***** Supplied information

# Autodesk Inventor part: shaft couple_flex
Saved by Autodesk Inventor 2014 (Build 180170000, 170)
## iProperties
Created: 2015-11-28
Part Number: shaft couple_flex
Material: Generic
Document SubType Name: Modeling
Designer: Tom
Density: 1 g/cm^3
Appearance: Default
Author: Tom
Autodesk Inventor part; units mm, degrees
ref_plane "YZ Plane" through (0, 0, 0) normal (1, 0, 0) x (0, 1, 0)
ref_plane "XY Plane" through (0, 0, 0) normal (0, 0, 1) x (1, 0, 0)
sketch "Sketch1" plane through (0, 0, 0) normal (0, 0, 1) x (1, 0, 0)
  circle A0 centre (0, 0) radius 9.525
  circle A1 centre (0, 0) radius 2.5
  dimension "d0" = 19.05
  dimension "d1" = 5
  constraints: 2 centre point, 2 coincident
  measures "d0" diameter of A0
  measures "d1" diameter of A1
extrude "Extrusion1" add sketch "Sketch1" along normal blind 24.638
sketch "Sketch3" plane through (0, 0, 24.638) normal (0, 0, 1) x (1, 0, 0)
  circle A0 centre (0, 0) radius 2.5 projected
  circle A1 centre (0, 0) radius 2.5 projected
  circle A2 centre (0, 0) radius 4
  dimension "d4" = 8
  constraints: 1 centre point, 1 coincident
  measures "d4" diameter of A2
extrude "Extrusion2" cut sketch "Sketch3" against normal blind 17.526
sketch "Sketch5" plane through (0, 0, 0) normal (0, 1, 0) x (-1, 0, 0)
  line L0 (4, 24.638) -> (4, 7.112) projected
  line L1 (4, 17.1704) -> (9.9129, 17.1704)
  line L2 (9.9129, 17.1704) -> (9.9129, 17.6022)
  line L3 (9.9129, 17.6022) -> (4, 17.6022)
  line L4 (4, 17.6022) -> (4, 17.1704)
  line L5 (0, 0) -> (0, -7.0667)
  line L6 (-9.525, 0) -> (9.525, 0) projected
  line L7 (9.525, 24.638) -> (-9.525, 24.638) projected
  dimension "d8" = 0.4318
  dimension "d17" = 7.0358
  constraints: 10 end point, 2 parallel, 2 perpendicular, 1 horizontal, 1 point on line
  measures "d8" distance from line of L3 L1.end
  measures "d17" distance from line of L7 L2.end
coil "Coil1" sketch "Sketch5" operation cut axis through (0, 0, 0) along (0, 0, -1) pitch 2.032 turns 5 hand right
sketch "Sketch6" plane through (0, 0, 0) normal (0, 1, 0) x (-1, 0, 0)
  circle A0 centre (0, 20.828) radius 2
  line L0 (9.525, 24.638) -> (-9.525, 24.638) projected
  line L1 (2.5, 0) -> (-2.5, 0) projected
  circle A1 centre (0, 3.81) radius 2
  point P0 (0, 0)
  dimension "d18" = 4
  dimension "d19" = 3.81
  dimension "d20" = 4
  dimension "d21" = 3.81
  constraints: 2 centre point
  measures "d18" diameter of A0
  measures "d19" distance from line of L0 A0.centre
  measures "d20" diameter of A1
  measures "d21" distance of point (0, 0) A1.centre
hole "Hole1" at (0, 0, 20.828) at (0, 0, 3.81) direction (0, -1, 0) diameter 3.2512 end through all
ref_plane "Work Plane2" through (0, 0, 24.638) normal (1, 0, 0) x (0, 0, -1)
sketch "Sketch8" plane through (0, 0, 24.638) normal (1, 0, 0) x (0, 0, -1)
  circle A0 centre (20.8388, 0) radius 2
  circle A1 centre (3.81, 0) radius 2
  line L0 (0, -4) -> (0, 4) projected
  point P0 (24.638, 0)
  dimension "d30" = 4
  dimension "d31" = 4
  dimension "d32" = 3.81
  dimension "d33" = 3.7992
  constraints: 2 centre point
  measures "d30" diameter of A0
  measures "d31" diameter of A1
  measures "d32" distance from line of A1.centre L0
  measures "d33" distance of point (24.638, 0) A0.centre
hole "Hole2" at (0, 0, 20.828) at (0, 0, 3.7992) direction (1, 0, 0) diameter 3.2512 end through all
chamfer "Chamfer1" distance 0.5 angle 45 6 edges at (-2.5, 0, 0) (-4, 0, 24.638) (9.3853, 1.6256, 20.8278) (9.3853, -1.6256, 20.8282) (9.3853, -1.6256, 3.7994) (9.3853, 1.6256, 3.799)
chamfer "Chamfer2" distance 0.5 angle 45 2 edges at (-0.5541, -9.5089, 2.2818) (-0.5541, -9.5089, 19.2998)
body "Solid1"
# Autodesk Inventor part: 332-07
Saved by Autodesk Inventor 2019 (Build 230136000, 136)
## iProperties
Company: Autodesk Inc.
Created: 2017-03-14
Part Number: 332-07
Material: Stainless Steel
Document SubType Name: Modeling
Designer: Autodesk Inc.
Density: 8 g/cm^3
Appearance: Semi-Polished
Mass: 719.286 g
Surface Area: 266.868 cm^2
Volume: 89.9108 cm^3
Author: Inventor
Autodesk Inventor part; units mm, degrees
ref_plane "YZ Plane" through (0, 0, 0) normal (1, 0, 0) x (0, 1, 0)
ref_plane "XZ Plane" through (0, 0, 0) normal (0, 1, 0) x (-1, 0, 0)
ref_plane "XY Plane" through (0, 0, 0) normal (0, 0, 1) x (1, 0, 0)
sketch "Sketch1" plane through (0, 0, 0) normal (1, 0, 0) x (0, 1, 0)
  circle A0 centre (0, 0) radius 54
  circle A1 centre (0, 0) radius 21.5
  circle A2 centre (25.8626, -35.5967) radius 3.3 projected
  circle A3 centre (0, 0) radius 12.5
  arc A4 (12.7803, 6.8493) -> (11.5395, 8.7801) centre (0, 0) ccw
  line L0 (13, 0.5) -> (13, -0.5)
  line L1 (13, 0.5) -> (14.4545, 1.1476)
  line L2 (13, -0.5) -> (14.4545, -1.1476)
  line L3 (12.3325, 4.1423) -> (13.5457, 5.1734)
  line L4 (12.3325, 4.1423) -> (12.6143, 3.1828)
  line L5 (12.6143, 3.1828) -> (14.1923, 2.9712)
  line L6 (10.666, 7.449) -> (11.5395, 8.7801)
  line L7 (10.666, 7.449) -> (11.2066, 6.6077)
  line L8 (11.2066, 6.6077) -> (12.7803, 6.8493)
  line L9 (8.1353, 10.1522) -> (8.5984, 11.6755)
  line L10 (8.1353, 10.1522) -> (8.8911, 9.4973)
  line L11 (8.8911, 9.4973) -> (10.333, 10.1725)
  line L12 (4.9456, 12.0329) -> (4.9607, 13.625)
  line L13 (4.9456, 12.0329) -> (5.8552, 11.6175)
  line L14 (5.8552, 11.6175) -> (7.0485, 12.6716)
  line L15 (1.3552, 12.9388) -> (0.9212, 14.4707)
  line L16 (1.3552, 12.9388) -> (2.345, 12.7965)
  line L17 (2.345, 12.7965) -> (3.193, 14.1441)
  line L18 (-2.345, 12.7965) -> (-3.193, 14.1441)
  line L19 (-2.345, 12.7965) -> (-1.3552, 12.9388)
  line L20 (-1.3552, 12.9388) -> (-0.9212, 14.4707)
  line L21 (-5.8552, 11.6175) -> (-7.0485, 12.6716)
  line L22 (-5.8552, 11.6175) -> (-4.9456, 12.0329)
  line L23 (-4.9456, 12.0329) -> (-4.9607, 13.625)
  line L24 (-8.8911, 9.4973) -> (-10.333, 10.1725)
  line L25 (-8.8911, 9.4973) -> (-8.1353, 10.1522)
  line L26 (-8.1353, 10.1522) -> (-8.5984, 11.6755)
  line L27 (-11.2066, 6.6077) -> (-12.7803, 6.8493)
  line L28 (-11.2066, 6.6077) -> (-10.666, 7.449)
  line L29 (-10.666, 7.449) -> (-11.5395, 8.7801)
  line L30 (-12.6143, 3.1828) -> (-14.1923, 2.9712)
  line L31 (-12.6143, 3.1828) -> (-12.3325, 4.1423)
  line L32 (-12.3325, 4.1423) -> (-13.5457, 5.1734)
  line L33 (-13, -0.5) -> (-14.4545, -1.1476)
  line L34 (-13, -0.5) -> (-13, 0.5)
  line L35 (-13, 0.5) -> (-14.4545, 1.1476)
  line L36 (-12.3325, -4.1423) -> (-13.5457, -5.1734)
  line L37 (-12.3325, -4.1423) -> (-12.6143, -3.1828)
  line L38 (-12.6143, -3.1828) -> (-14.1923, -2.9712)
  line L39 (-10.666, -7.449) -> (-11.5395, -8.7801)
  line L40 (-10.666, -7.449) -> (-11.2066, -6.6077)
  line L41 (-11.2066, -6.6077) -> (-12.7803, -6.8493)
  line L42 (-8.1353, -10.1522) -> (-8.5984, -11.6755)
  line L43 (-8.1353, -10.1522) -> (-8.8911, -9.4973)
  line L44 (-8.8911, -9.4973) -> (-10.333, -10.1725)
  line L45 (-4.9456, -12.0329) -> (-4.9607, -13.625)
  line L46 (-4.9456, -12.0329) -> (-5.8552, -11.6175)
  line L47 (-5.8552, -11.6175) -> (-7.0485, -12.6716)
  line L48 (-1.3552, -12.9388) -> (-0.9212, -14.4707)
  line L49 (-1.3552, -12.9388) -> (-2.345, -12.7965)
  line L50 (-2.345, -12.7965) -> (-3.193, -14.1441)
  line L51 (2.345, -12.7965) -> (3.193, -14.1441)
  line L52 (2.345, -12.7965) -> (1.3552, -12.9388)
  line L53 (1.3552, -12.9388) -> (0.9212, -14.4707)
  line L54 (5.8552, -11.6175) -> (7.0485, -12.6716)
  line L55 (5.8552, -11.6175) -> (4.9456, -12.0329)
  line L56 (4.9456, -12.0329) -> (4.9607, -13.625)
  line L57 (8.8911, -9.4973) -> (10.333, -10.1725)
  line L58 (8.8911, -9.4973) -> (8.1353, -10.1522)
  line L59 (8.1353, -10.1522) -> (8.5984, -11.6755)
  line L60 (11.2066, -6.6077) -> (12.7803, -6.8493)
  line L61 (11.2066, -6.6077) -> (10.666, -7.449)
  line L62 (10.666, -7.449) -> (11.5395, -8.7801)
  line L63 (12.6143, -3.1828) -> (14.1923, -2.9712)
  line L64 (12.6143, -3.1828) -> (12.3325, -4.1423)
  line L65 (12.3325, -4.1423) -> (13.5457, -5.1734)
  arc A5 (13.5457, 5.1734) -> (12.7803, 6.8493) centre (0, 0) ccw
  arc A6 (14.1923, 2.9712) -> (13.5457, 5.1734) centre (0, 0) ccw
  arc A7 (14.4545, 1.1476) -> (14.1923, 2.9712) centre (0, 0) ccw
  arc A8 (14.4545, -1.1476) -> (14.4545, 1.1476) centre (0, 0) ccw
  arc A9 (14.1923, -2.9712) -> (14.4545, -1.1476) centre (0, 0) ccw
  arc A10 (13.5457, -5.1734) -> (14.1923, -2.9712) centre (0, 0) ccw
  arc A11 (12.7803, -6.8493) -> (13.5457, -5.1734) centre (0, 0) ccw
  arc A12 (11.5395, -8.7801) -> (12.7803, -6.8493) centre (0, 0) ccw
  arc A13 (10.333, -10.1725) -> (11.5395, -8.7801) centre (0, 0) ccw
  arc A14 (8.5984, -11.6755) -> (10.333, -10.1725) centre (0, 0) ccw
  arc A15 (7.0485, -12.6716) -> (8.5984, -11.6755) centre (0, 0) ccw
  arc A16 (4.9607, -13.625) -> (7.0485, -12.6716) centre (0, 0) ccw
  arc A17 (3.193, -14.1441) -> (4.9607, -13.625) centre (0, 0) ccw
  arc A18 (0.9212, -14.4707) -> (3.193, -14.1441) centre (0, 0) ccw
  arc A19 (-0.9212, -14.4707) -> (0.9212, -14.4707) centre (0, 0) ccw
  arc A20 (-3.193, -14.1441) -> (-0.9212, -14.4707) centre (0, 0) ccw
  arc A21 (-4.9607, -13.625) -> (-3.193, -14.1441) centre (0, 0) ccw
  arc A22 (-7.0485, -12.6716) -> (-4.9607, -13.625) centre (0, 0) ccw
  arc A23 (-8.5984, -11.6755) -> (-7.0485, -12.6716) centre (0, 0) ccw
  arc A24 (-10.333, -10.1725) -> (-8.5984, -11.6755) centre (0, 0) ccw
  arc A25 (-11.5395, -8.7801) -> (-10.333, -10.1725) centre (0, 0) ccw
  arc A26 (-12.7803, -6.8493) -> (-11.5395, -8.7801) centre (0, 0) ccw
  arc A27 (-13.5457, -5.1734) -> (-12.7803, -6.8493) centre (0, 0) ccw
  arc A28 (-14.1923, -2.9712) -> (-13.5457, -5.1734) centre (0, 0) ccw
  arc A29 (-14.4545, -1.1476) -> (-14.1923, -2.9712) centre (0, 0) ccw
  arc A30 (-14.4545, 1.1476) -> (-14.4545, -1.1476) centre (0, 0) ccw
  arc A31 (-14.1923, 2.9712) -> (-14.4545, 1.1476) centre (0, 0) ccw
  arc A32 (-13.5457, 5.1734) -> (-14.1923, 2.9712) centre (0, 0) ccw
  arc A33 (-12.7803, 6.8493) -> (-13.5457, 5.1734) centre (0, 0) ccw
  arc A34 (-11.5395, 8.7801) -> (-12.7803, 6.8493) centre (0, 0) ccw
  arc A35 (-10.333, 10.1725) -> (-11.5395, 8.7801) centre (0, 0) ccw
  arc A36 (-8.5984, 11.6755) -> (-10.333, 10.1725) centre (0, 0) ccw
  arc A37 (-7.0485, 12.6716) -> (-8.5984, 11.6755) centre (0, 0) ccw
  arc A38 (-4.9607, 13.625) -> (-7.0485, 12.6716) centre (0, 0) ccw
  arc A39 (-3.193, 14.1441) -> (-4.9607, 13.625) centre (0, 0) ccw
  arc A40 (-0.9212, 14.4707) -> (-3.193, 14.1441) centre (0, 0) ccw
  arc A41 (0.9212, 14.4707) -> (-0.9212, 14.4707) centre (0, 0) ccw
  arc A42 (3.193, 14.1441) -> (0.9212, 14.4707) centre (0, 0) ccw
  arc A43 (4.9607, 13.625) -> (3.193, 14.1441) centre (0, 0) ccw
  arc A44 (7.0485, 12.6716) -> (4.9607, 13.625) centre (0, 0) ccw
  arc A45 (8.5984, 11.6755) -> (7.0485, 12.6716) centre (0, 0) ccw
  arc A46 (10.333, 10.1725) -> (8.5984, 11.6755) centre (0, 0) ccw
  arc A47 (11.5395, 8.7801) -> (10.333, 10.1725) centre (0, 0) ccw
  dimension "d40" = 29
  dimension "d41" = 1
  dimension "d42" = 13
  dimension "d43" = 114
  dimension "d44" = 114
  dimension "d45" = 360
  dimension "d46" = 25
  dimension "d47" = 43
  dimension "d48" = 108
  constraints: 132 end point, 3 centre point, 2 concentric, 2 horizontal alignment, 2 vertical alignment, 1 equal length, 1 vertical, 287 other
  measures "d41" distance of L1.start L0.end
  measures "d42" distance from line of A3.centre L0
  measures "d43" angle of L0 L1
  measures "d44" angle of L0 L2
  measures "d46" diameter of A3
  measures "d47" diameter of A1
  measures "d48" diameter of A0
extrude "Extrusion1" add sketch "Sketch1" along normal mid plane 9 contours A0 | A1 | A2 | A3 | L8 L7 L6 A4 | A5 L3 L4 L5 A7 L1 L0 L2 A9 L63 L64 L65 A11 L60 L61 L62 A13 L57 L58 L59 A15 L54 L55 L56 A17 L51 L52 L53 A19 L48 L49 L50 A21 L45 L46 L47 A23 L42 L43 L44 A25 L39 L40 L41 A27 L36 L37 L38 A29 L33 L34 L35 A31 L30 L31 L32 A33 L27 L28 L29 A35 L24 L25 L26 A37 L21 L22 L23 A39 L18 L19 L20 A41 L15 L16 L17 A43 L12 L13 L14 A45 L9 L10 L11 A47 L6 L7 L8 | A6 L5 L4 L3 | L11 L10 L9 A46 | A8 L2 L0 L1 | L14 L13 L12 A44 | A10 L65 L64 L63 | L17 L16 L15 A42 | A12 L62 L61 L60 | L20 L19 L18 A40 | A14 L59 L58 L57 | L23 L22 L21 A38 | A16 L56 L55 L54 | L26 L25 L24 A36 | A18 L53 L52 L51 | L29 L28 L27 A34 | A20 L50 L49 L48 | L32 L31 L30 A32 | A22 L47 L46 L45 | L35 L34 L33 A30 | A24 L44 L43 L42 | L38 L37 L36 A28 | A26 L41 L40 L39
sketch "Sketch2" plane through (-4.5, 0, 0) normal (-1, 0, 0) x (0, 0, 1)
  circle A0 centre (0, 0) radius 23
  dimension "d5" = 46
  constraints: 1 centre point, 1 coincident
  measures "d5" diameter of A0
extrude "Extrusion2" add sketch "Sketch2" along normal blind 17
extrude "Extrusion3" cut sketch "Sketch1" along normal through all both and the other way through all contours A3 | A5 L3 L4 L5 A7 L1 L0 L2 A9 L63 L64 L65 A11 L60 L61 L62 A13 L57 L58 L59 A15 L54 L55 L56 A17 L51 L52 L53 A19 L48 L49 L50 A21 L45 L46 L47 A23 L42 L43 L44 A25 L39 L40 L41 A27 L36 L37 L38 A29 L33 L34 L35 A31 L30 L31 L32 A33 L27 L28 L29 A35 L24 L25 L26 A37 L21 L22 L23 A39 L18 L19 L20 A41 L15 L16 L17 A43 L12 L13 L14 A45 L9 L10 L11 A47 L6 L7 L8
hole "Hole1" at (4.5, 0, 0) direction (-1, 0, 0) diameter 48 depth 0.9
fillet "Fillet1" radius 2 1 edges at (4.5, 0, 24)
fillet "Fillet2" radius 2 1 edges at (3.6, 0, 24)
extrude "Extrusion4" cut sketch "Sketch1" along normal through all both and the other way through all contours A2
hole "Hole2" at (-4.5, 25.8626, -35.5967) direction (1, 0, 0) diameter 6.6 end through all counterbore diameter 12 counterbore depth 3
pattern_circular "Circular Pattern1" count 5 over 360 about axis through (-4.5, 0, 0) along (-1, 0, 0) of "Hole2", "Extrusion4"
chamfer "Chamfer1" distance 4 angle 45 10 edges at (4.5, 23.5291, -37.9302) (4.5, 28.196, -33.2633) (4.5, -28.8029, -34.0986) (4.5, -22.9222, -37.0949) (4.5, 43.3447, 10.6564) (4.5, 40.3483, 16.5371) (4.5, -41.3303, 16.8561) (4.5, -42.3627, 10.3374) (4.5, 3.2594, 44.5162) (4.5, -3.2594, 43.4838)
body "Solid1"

**********

In the entries above, restate word for word the lines between the one holding "line L2 (13, -0.5) -> (14.4545, -1.1476)" and the one holding "line L8 (11.2066, 6.6077)", inclusive, and nothing besides.

  line L2 (13, -0.5) -> (14.4545, -1.1476)
  line L3 (12.3325, 4.1423) -> (13.5457, 5.1734)
  line L4 (12.3325, 4.1423) -> (12.6143, 3.1828)
  line L5 (12.6143, 3.1828) -> (14.1923, 2.9712)
  line L6 (10.666, 7.449) -> (11.5395, 8.7801)
  line L7 (10.666, 7.449) -> (11.2066, 6.6077)
  line L8 (11.2066, 6.6077) -> (12.7803, 6.8493)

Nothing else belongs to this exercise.